If paying bills is a challenge, try to pay at least the minimum on your cards each month, on time. And begin looking for ways to cut expenses and increase your income.
3) Co-sign for someone else. Here's the scenario: Your boyfriend or girlfriend really needs a loan for a new car, but the bank says no way without a co-signer. You may think you're merely vouching for your soulmate's character, but you're really saying, "I'll pay if he doesn't."
You have one good possible outcome: He or she makes every payment on time, and, four years or so later, that loan is gone. But consider the other possibilities, from a crisis that makes him unable to pay (job loss, injury) to the worst-case scenario--he just walks away from the debt. You'll inherit the debt, the collector's harassing phone calls and the damage to your credit, too.
When your sweetie asks you to co-sign, offer to ride the bus with him or her instead.
4) Collect credit cards like Beanie Babies. You hear this once a weekend: "If you open up a new credit card with us today, you'll get 10 percent off your purchase! That's going to save you $8 today! It takes one minute to apply!"

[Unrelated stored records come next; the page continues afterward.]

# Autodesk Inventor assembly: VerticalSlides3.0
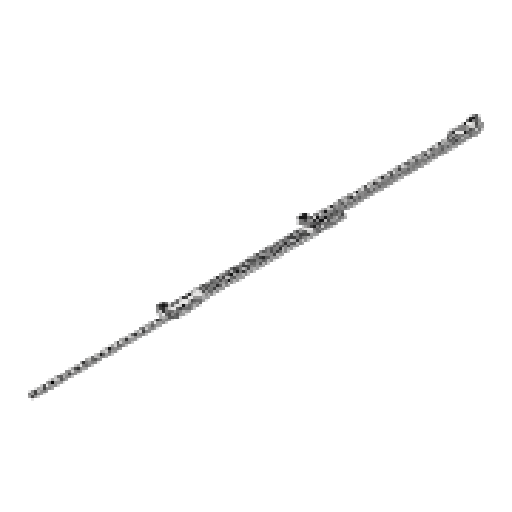
[picture p0: Inventor's stored thumbnail of the model, 512x512]
Saved by Autodesk Inventor 2023 (Build 270158000, 158)
## iProperties
Created: 2022-11-07
Part Number: VerticalSlides3.0
Document SubType Name: Assembly
Designer: deli
Author: deli
## Documents named in this file (7)
- C:\Users\deli\OneDrive - Eastside Preparatory School\FTC\8103-power-play\CAD\VerticalSlides3.0.iam
- C:\Users\deli\OneDrive - Eastside Preparatory School\FTC\8103-power-play\CAD\mgn7c carrige.ipt
- C:\Users\deli\OneDrive - Eastside Preparatory School\FTC\8103-power-play\CAD\mgn7 300mm rail.ipt
- C:\Users\deli\OneDrive - Eastside Preparatory School\FTC\8103-power-play\CAD\mgn7 300mm Connector Plate.ipt
- C:\Users\deli\OneDrive - Eastside Preparatory School\FTC\8103-power-play\CAD\mgn7SlideBearingHolder.ipt
- C:\Users\deli\OneDrive - Eastside Preparatory School\FTC\8103-power-play\CAD\mgn7SlideBearingHolder_MIR.ipt
- C:\Users\deli\OneDrive - Eastside Preparatory School\FTC\8103-power-play\CAD\Slides Bearings.iam
## Components (16 placed, 6 different names)
1. mgn7c carrige:1 — Mate:1, Mate:2, Flush:1, Mate:3, Flush:2
2. mgn7 300mm rail:1 — Mate:1, Mate:2, Flush:6
3. mgn7c carrige:2 — Flush:1, Mate:3, Flush:2, Mate:4, Mate:5, Mate:6, Flush:6
4. mgn7 300mm Connector Plate:1 — Mate:4, Mate:5, Mate:6, Mate:10, Mate:11, Mate:12, Mate:29, Mate:30, Angle:2, Mate:35, Mate:36, Angle:4
5. mgn7c carrige:3 — Mate:11, Mate:12, Flush:5
6. mgn7 300mm rail:2 — Flush:5, Mate:13, Mate:16, Mate:23, Mate:24, Mate:25, Mate:26
7. mgn7c carrige:4 — Mate:10
8. mgn7SlideBearingHolder:1 — Mate:13, Mate:22, Mate:25, Mate:26, Mate:31, Mate:32, Angle:1
9. mgn7SlideBearingHolder_MIR:1 — Mate:16, Mate:23, Mate:24, Mate:27, Mate:28, Mate:33, Mate:34
10. mgn7c carrige:5 — Angle:3
11. mgn7 300mm rail:3 — Mate:22, Mate:27, Mate:28
12. mgn7c carrige:6
13. Slides Bearings:1 [sub-assembly] — Mate:29, Mate:30, Angle:2
14. Slides Bearings:2 [sub-assembly] — Mate:31, Mate:32, Angle:1
15. Slides Bearings:3 [sub-assembly] — Mate:33, Mate:34, Angle:3
16. Slides Bearings:4 [sub-assembly] — Mate:35, Mate:36, Angle:4
## Relationships (45: Mate 32, Flush 9, Angle 4)
- Mate:1: mgn7c carrige:1 ↔ mgn7 300mm rail:1
- Mate:2: mgn7c carrige:1 ↔ mgn7 300mm rail:1
- Flush:1: mgn7c carrige:1 ↔ mgn7c carrige:2
- Mate:3: mgn7c carrige:1 ↔ mgn7c carrige:2
- Flush:2: mgn7c carrige:1 ↔ mgn7c carrige:2
- Mate:4: mgn7c carrige:2 ↔ mgn7 300mm Connector Plate:1
- Mate:5: mgn7c carrige:2 ↔ mgn7 300mm Connector Plate:1
- Mate:6: mgn7c carrige:2 ↔ mgn7 300mm Connector Plate:1
- [Mate]: mgn7c carrige:3 ↔ mgn7 300mm rail:2
- [Mate]: mgn7c carrige:3 ↔ mgn7 300mm rail:2
- [Flush]: mgn7c carrige:3 ↔ mgn7c carrige:4
- [Mate]: mgn7c carrige:3 ↔ mgn7c carrige:4
- [Flush]: mgn7c carrige:3 ↔ mgn7c carrige:4
- Mate:10: mgn7 300mm Connector Plate:1 ↔ mgn7c carrige:4
- Mate:11: mgn7 300mm Connector Plate:1 ↔ mgn7c carrige:3
- Mate:12: mgn7 300mm Connector Plate:1 ↔ mgn7c carrige:3
- Flush:5: mgn7c carrige:3 ↔ mgn7 300mm rail:2
- Flush:6: mgn7 300mm rail:1 ↔ mgn7c carrige:2
- Mate:13: mgn7 300mm rail:2 ↔ mgn7SlideBearingHolder:1
- Mate:16: mgn7 300mm rail:2 ↔ mgn7SlideBearingHolder_MIR:1
- [Mate]: mgn7c carrige:5 ↔ mgn7 300mm rail:3
- [Mate]: mgn7c carrige:5 ↔ mgn7 300mm rail:3
- [Flush]: mgn7c carrige:5 ↔ mgn7c carrige:6
- [Mate]: mgn7c carrige:5 ↔ mgn7c carrige:6
- [Flush]: mgn7c carrige:5 ↔ mgn7c carrige:6
- [Flush]: mgn7c carrige:5 ↔ mgn7 300mm rail:3
- Mate:22: mgn7SlideBearingHolder:1 ↔ mgn7 300mm rail:3
- Mate:23: mgn7 300mm rail:2 ↔ mgn7SlideBearingHolder_MIR:1
- Mate:24: mgn7 300mm rail:2 ↔ mgn7SlideBearingHolder_MIR:1
- Mate:25: mgn7 300mm rail:2 ↔ mgn7SlideBearingHolder:1
- Mate:26: mgn7 300mm rail:2 ↔ mgn7SlideBearingHolder:1
- Mate:27: mgn7SlideBearingHolder_MIR:1 ↔ mgn7 300mm rail:3
- Mate:28: mgn7SlideBearingHolder_MIR:1 ↔ mgn7 300mm rail:3
- Mate:29: mgn7 300mm Connector Plate:1 ↔ Slides Bearings:1
- Mate:30: mgn7 300mm Connector Plate:1 ↔ Slides Bearings:1
- Mate:31: mgn7SlideBearingHolder:1 ↔ Slides Bearings:2
- Mate:32: mgn7SlideBearingHolder:1 ↔ Slides Bearings:2
- Angle:1 (0 deg): mgn7SlideBearingHolder:1 ↔ Slides Bearings:2
- Angle:2 (0 deg): mgn7 300mm Connector Plate:1 ↔ Slides Bearings:1
- Mate:33: mgn7SlideBearingHolder_MIR:1 ↔ Slides Bearings:3
- Mate:34: mgn7SlideBearingHolder_MIR:1 ↔ Slides Bearings:3
- Mate:35: mgn7 300mm Connector Plate:1 ↔ Slides Bearings:4
- Mate:36: mgn7 300mm Connector Plate:1 ↔ Slides Bearings:4
- Angle:3 (0 deg): mgn7c carrige:5 ↔ Slides Bearings:3
- Angle:4 (0 deg): mgn7 300mm Connector Plate:1 ↔ Slides Bearings:4
## Named parameters: d10_d4 = 0 mm, d11_d5 = 0 mm, d12_d6 = 0 mm, d13_d2 = 0 mm, d14_d3 = 0 mm, stroke = 0 mm, d26_d10_d4 = 0 mm, d27_d11_d5 = 0 mm, d28_d12_d6 = 0 mm, d29_d13_d2 = 0 mm, d30_d14_d3 = 0 mm, d32_d18 = 0 mm

Your wallet already has your favorite card, a backup "just in case" and your debit card--but that $8 off sounds good too. Store and regular credit cards often come with tempting perks. But a collection of cards in your wallet--meaning you have ready access to potential debt that would be challenging to repay--can ding your creditworthiness.
Stick to the fewest possible cards you need, and select cards with perks you'll use regularly, such as one of the best rewards credit cards.
5) Blow off your other bills. You may imagine your credit report and score is based entirely on what you do with your MasterCard and Visa. However, it's not that simple--your habits with all your bills figure into the big picture of who you are as a borrower. If you're regularly late paying your electric bill, for example, your credit report may turn off future lenders before the power company turns off your lights!
Set up a system to pay your bills on time, or have them paid automatically from a bank account.
Use your credit cards thoughtfully, avoid unnecessary debt and pay your bills on time (that's the most important step for building a good credit score), and you'll end up with a credit history that takes you successfully into your first years of adulthood and beyond.